BEGIN Data to process
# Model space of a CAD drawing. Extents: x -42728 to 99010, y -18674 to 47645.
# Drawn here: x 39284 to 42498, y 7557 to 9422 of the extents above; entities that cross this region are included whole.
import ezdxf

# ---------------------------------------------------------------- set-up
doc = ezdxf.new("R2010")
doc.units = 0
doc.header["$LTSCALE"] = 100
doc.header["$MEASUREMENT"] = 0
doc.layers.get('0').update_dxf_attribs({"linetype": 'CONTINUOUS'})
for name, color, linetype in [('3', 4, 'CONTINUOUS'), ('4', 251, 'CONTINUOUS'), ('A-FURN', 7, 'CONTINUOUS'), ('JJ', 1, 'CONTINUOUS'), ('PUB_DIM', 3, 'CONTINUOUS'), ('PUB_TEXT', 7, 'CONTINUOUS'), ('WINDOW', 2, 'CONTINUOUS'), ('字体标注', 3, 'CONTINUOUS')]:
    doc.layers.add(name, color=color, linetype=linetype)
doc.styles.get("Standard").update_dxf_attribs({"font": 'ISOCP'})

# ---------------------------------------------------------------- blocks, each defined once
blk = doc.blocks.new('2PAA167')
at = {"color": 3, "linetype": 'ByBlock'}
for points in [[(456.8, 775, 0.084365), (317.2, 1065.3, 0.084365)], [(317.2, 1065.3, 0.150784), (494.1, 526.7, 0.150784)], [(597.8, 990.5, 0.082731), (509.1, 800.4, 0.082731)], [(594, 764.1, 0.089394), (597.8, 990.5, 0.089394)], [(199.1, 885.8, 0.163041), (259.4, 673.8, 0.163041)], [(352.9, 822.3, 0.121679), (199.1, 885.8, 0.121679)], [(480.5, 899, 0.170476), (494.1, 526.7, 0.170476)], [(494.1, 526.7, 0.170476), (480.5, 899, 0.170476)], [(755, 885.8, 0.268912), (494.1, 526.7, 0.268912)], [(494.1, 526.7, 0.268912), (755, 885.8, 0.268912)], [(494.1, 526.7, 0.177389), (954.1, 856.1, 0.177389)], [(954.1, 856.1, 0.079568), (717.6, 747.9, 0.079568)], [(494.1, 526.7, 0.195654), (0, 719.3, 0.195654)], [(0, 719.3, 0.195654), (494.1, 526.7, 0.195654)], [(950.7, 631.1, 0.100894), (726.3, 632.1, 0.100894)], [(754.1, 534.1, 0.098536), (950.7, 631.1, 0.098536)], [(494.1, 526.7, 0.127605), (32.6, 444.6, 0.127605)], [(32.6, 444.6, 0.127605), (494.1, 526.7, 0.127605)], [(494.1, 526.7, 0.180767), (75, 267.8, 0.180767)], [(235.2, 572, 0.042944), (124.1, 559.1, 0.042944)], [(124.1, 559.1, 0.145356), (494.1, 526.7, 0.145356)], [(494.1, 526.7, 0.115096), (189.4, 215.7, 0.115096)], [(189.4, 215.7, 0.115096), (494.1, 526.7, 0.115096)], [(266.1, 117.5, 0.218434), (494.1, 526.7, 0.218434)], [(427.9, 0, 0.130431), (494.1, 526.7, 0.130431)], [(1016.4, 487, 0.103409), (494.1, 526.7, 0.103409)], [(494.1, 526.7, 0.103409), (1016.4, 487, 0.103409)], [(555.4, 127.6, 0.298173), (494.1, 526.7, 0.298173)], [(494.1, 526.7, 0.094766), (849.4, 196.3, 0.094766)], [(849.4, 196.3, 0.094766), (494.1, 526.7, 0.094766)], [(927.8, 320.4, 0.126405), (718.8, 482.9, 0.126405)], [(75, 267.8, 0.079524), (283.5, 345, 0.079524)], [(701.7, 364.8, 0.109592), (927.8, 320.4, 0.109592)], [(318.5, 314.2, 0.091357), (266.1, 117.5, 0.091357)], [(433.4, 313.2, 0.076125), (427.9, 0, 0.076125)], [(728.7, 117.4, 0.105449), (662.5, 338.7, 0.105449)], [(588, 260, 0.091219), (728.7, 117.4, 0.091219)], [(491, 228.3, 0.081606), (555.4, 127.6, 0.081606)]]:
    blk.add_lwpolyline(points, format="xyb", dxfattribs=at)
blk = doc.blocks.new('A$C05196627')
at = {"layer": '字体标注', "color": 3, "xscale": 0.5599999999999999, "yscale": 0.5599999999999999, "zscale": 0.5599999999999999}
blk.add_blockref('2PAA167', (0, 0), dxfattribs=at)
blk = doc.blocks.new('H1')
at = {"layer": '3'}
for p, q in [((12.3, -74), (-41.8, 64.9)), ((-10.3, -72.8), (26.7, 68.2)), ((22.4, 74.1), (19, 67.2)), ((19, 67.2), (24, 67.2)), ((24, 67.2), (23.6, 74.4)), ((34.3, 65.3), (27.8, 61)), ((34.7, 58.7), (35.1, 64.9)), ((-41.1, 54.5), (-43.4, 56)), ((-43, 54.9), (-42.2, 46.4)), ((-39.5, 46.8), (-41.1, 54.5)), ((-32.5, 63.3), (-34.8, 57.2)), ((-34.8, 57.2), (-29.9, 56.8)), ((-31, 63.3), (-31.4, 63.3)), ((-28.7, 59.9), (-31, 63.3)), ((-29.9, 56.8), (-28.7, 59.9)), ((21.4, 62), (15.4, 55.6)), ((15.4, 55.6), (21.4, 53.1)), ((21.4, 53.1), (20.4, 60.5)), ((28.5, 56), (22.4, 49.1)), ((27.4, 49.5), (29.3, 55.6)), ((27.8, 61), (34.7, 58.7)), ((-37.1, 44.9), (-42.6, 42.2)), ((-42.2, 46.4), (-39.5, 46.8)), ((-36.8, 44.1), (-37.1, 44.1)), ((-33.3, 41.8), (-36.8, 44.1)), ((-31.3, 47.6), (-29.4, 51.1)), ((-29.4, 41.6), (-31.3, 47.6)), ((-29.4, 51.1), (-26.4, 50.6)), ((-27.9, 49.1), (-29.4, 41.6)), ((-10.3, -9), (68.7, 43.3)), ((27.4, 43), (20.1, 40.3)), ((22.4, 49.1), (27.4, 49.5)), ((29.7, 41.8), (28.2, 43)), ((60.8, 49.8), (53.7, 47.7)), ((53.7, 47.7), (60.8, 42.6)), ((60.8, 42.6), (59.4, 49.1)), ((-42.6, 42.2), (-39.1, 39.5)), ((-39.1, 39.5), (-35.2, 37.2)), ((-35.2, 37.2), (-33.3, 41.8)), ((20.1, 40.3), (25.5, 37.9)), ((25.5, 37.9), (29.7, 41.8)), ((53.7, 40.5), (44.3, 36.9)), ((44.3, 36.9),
END Data to process
Work task
Give the listing again. Leave every word as it stands.

Task answer
# Model space of a CAD drawing. Extents: x -42728 to 99010, y -18674 to 47645.
# Drawn here: x 39284 to 42498, y 7557 to 9422 of the extents above; entities that cross this region are included whole.
import ezdxf

# ---------------------------------------------------------------- set-up
doc = ezdxf.new("R2010")
doc.units = 0
doc.header["$LTSCALE"] = 100
doc.header["$MEASUREMENT"] = 0
doc.layers.get('0').update_dxf_attribs({"linetype": 'CONTINUOUS'})
for name, color, linetype in [('3', 4, 'CONTINUOUS'), ('4', 251, 'CONTINUOUS'), ('A-FURN', 7, 'CONTINUOUS'), ('JJ', 1, 'CONTINUOUS'), ('PUB_DIM', 3, 'CONTINUOUS'), ('PUB_TEXT', 7, 'CONTINUOUS'), ('WINDOW', 2, 'CONTINUOUS'), ('字体标注', 3, 'CONTINUOUS')]:
    doc.layers.add(name, color=color, linetype=linetype)
doc.styles.get("Standard").update_dxf_attribs({"font": 'ISOCP'})

# ---------------------------------------------------------------- blocks, each defined once
blk = doc.blocks.new('2PAA167')
at = {"color": 3, "linetype": 'ByBlock'}
for points in [[(456.8, 775, 0.084365), (317.2, 1065.3, 0.084365)], [(317.2, 1065.3, 0.150784), (494.1, 526.7, 0.150784)], [(597.8, 990.5, 0.082731), (509.1, 800.4, 0.082731)], [(594, 764.1, 0.089394), (597.8, 990.5, 0.089394)], [(199.1, 885.8, 0.163041), (259.4, 673.8, 0.163041)], [(352.9, 822.3, 0.121679), (199.1, 885.8, 0.121679)], [(480.5, 899, 0.170476), (494.1, 526.7, 0.170476)], [(494.1, 526.7, 0.170476), (480.5, 899, 0.170476)], [(755, 885.8, 0.268912), (494.1, 526.7, 0.268912)], [(494.1, 526.7, 0.268912), (755, 885.8, 0.268912)], [(494.1, 526.7, 0.177389), (954.1, 856.1, 0.177389)], [(954.1, 856.1, 0.079568), (717.6, 747.9, 0.079568)], [(494.1, 526.7, 0.195654), (0, 719.3, 0.195654)], [(0, 719.3, 0.195654), (494.1, 526.7, 0.195654)], [(950.7, 631.1, 0.100894), (726.3, 632.1, 0.100894)], [(754.1, 534.1, 0.098536), (950.7, 631.1, 0.098536)], [(494.1, 526.7, 0.127605), (32.6, 444.6, 0.127605)], [(32.6, 444.6, 0.127605), (494.1, 526.7, 0.127605)], [(494.1, 526.7, 0.180767), (75, 267.8, 0.180767)], [(235.2, 572, 0.042944), (124.1, 559.1, 0.042944)], [(124.1, 559.1, 0.145356), (494.1, 526.7, 0.145356)], [(494.1, 526.7, 0.115096), (189.4, 215.7, 0.115096)], [(189.4, 215.7, 0.115096), (494.1, 526.7, 0.115096)], [(266.1, 117.5, 0.218434), (494.1, 526.7, 0.218434)], [(427.9, 0, 0.130431), (494.1, 526.7, 0.130431)], [(1016.4, 487, 0.103409), (494.1, 526.7, 0.103409)], [(494.1, 526.7, 0.103409), (1016.4, 487, 0.103409)], [(555.4, 127.6, 0.298173), (494.1, 526.7, 0.298173)], [(494.1, 526.7, 0.094766), (849.4, 196.3, 0.094766)], [(849.4, 196.3, 0.094766), (494.1, 526.7, 0.094766)], [(927.8, 320.4, 0.126405), (718.8, 482.9, 0.126405)], [(75, 267.8, 0.079524), (283.5, 345, 0.079524)], [(701.7, 364.8, 0.109592), (927.8, 320.4, 0.109592)], [(318.5, 314.2, 0.091357), (266.1, 117.5, 0.091357)], [(433.4, 313.2, 0.076125), (427.9, 0, 0.076125)], [(728.7, 117.4, 0.105449), (662.5, 338.7, 0.105449)], [(588, 260, 0.091219), (728.7, 117.4, 0.091219)], [(491, 228.3, 0.081606), (555.4, 127.6, 0.081606)]]:
    blk.add_lwpolyline(points, format="xyb", dxfattribs=at)
blk = doc.blocks.new('A$C05196627')
at = {"layer": '字体标注', "color": 3, "xscale": 0.5599999999999999, "yscale": 0.5599999999999999, "zscale": 0.5599999999999999}
blk.add_blockref('2PAA167', (0, 0), dxfattribs=at)
blk = doc.blocks.new('H1')
at = {"layer": '3'}
for p, q in [((12.3, -74), (-41.8, 64.9)), ((-10.3, -72.8), (26.7, 68.2)), ((22.4, 74.1), (19, 67.2)), ((19, 67.2), (24, 67.2)), ((24, 67.2), (23.6, 74.4)), ((34.3, 65.3), (27.8, 61)), ((34.7, 58.7), (35.1, 64.9)), ((-41.1, 54.5), (-43.4, 56)), ((-43, 54.9), (-42.2, 46.4)), ((-39.5, 46.8), (-41.1, 54.5)), ((-32.5, 63.3), (-34.8, 57.2)), ((-34.8, 57.2), (-29.9, 56.8)), ((-31, 63.3), (-31.4, 63.3)), ((-28.7, 59.9), (-31, 63.3)), ((-29.9, 56.8), (-28.7, 59.9)), ((21.4, 62), (15.4, 55.6)), ((15.4, 55.6), (21.4, 53.1)), ((21.4, 53.1), (20.4, 60.5)), ((28.5, 56), (22.4, 49.1)), ((27.4, 49.5), (29.3, 55.6)), ((27.8, 61), (34.7, 58.7)), ((-37.1, 44.9), (-42.6, 42.2)), ((-42.2, 46.4), (-39.5, 46.8)), ((-36.8, 44.1), (-37.1, 44.1)), ((-33.3, 41.8), (-36.8, 44.1)), ((-31.3, 47.6), (-29.4, 51.1)), ((-29.4, 41.6), (-31.3, 47.6)), ((-29.4, 51.1), (-26.4, 50.6)), ((-27.9, 49.1), (-29.4, 41.6)), ((-10.3, -9), (68.7, 43.3)), ((27.4, 43), (20.1, 40.3)), ((22.4, 49.1), (27.4, 49.5)), ((29.7, 41.8), (28.2, 43)), ((60.8, 49.8), (53.7, 47.7)), ((53.7, 47.7), (60.8, 42.6)), ((60.8, 42.6), (59.4, 49.1)), ((-42.6, 42.2), (-39.1, 39.5)), ((-39.1, 39.5), (-35.2, 37.2)), ((-35.2, 37.2), (-33.3, 41.8)), ((20.1, 40.3), (25.5, 37.9)), ((25.5, 37.9), (29.7, 41.8)), ((53.7, 40.5), (44.3, 36.9)), ((44.3, 36.9),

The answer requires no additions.